Dakar, 20 avril(SL-INFO)- La crise couvait, elle éclate désormais au grand jour à la Fédération sénégalaise de football. Après une réunion particulièrement tendue du Comité exécutif (Comex), marquée par invectives et accusations, l’instance dirigeante du football sénégalais est plongée dans une zone de turbulences, sur fond de gestion controversée des primes liées à la CAN 2025.

« Ça va exploser. Il y a trop de problèmes », confie un membre du Comex, dans L’Obs, décrivant un climat interne délétère. L’unité affichée après le sacre des Lions vole en éclats, remplacée par une fronde structurée de seize membres dénonçant « l’opacité » dans la répartition des primes.

Une décision qui met le feu aux poudres

À l’origine de la crise : une décision attribuée au président Abdoulaye Fall, accusé d’avoir octroyé des primes à certains membres, y compris hors délégation officielle, sans validation du Comex. Une démarche jugée « illégale » par les contestataires.

« C’est un combat de principe. L’argent de la FSF doit être distribué de façon équitable et légale. Le président n’est pas un demi-dieu », martèle un frondeur. Et d’ajouter : « On ne peut pas installer un groupe privilégié sur un piédestal […] et lui verser des primes indues. »

Les 13 millions FCFA de la discorde

Au cœur du contentieux, une prime de 13 millions FCFA versée à certains responsables, dont des vice-présidents et membres de commissions. Une somme calculée sur les performances des Lions (2 millions par victoire, 1 million pour le nul face à la RDC), mais dont la légitimité est contestée.

« En son temps, Augustin Senghor sollicitait l’aval du Comex pour distribuer les primes, dans la transparence.
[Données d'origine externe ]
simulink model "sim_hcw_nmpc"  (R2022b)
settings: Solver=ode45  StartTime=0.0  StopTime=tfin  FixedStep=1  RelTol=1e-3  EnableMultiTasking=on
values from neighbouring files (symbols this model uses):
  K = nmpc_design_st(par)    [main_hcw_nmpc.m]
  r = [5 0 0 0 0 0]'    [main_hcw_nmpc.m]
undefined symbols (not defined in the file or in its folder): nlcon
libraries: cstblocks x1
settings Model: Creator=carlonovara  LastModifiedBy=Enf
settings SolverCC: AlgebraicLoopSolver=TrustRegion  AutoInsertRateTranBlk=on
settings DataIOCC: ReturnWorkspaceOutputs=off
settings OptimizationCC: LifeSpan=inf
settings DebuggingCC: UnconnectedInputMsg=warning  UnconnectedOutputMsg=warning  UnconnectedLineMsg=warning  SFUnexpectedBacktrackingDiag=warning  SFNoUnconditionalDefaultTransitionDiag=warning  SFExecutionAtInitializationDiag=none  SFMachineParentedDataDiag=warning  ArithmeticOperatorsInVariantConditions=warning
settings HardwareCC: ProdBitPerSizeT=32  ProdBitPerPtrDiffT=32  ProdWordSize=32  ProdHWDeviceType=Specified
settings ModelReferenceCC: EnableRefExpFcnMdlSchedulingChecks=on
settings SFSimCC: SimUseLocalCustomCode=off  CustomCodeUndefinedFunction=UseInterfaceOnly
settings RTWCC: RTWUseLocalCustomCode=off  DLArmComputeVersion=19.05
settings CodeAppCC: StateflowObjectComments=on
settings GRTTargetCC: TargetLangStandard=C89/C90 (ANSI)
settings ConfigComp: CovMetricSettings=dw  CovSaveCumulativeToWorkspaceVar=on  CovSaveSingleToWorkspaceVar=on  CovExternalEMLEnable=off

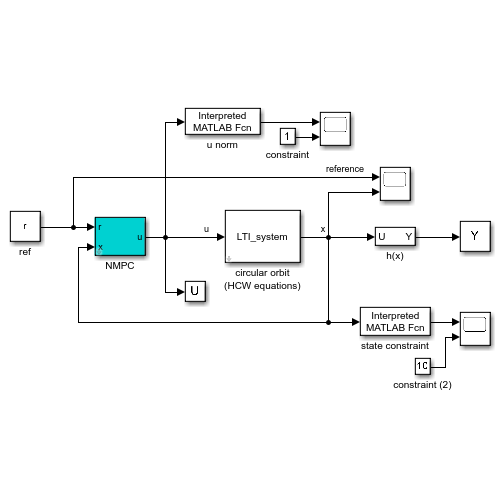
[thumbnail: Simulink's stored preview of the top-level diagram]
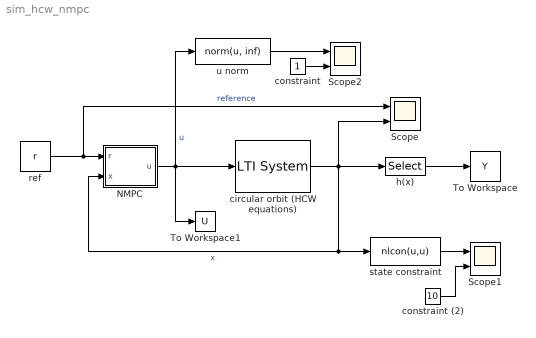
== system sim_hcw_nmpc ==
  NMPC : Subsystem  mask{K=K}
      mask prompts: K "NMPC structure"
  Scope : Scope  NumInputPorts=2
  Scope1 : Scope  NumInputPorts=2
  Scope2 : Scope  NumInputPorts=2
  To Workspace : ToWorkspace  VariableName=Y  SaveFormat=Timeseries  SampleTime=-1
  To Workspace1 : ToWorkspace  VariableName=U  SaveFormat=Timeseries  SampleTime=-1
  circular orbit (HCW equations) : cstblocks/LTI System  sys=LTI_system  IC=x0
  constraint : Constant
  constraint (2) : Constant  Value=10
  h(x) : Selector  InputPortWidth=6  IndexOptions=Index vector (dialog)  Indices=1:3  OutputSizes=1
  ref : Constant  Value=r  SampleTime=-1
  state constraint : MATLABFcn  MATLABFcn=nlcon(u,u)
  u norm : MATLABFcn  MATLABFcn=norm(u, inf)
  wires:
  circular orbit (HCW equations)/1 -> NMPC/2(x), state constraint/1, h(x)/1, Scope/2  "x"
  state constraint/1 -> Scope1/1
  NMPC/1(u) -> u norm/1, circular orbit (HCW equations)/1, To Workspace1/1  "u"
  ref/1 -> Scope/1, NMPC/1(r)  "reference"
  h(x)/1 -> To Workspace/1
  constraint/1 -> Scope2/2
  u norm/1 -> Scope2/1
  constraint (2)/1 -> Scope1/2

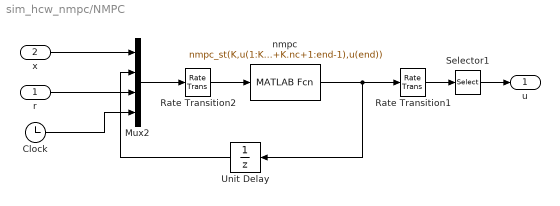
== system sim_hcw_nmpc/NMPC ==
  r : Inport
  x : Inport  Port=2
  Clock : Clock
  Mux2 : Mux
  Rate Transition1 : RateTransition  OutPortSampleTime=K.Ts
  Rate Transition2 : RateTransition  OutPortSampleTime=K.Ts
  Selector1 : Selector  InputPortWidth=K.nc  IndexOptions=Index vector (dialog)  Indices=1:K.nu  OutputSizes=1
  Unit Delay : UnitDelay  InitialCondition=zeros(K.nc,1)  SampleTime=K.Ts  HasFrameUpgradeWarning=on
  nmpc : MATLABFcn  MATLABFcn=nmpc_st(K,u(1:K.nx),u(K.nx+1:K.nx+K.nc),u(K.nx+K.nc+1:end-1),u(end))  OutputDimensions=K.nc
  u : Outport
  wires:
  Selector1/1 -> u/1
  Unit Delay/1 -> Mux2/2
  nmpc/1 -> Unit Delay/1, Rate Transition1/1
  Rate Transition1/1 -> Selector1/1
  Mux2/1 -> Rate Transition2/1
  x/1 -> Mux2/1
  r/1 -> Mux2/3
  Clock/1 -> Mux2/4
  Rate Transition2/1 -> nmpc/1

Aujourd’hui, les critères sont obscurs », dénonce un membre du groupe contestataire.

Dialogue rompu et bras de fer engagé

Face à la situation, les frondeurs ont sollicité une audience avec le président. Une requête restée sans suite. Abdoulaye Fall les a renvoyés vers le secrétaire général Abdoulaye Saydou Sow, une réponse perçue comme un « manque de respect ».

« Nous refusons une audience de substitution », tranche un membre du groupe, dénonçant un « dialogue de sourds ».

Entre primes étatiques et gestion interne contestée

Dans ce climat tendu, une autre polémique alimente les frustrations. L’octroi, par le président Bassirou Diomaye Faye, d’une prime exceptionnelle de 50 millions FCFA à cinq membres de la FSF, tous issus de la délégation officielle.

Mais pour les contestataires, la question est ailleurs. « Si la solidarité doit primer, elle ne peut se faire au détriment de la transparence et de la légalité. »

D’autant que certains bénéficiaires auraient cumulé cette prime présidentielle avec les 13 millions FCFA issus des performances sportives, accentuant le sentiment d’injustice.

Une crise ouverte

Derrière la querelle des primes, c’est la gouvernance même de la Fédération qui est pointée du doigt. Entre accusations d’opacité, rupture du dialogue et défiance croissante, la crise actuelle pourrait marquer un tournant dans le fonctionnement du football sénégalais.

« Ce n’est plus une simple divergence. C’est une crise de confiance », résume un observateur.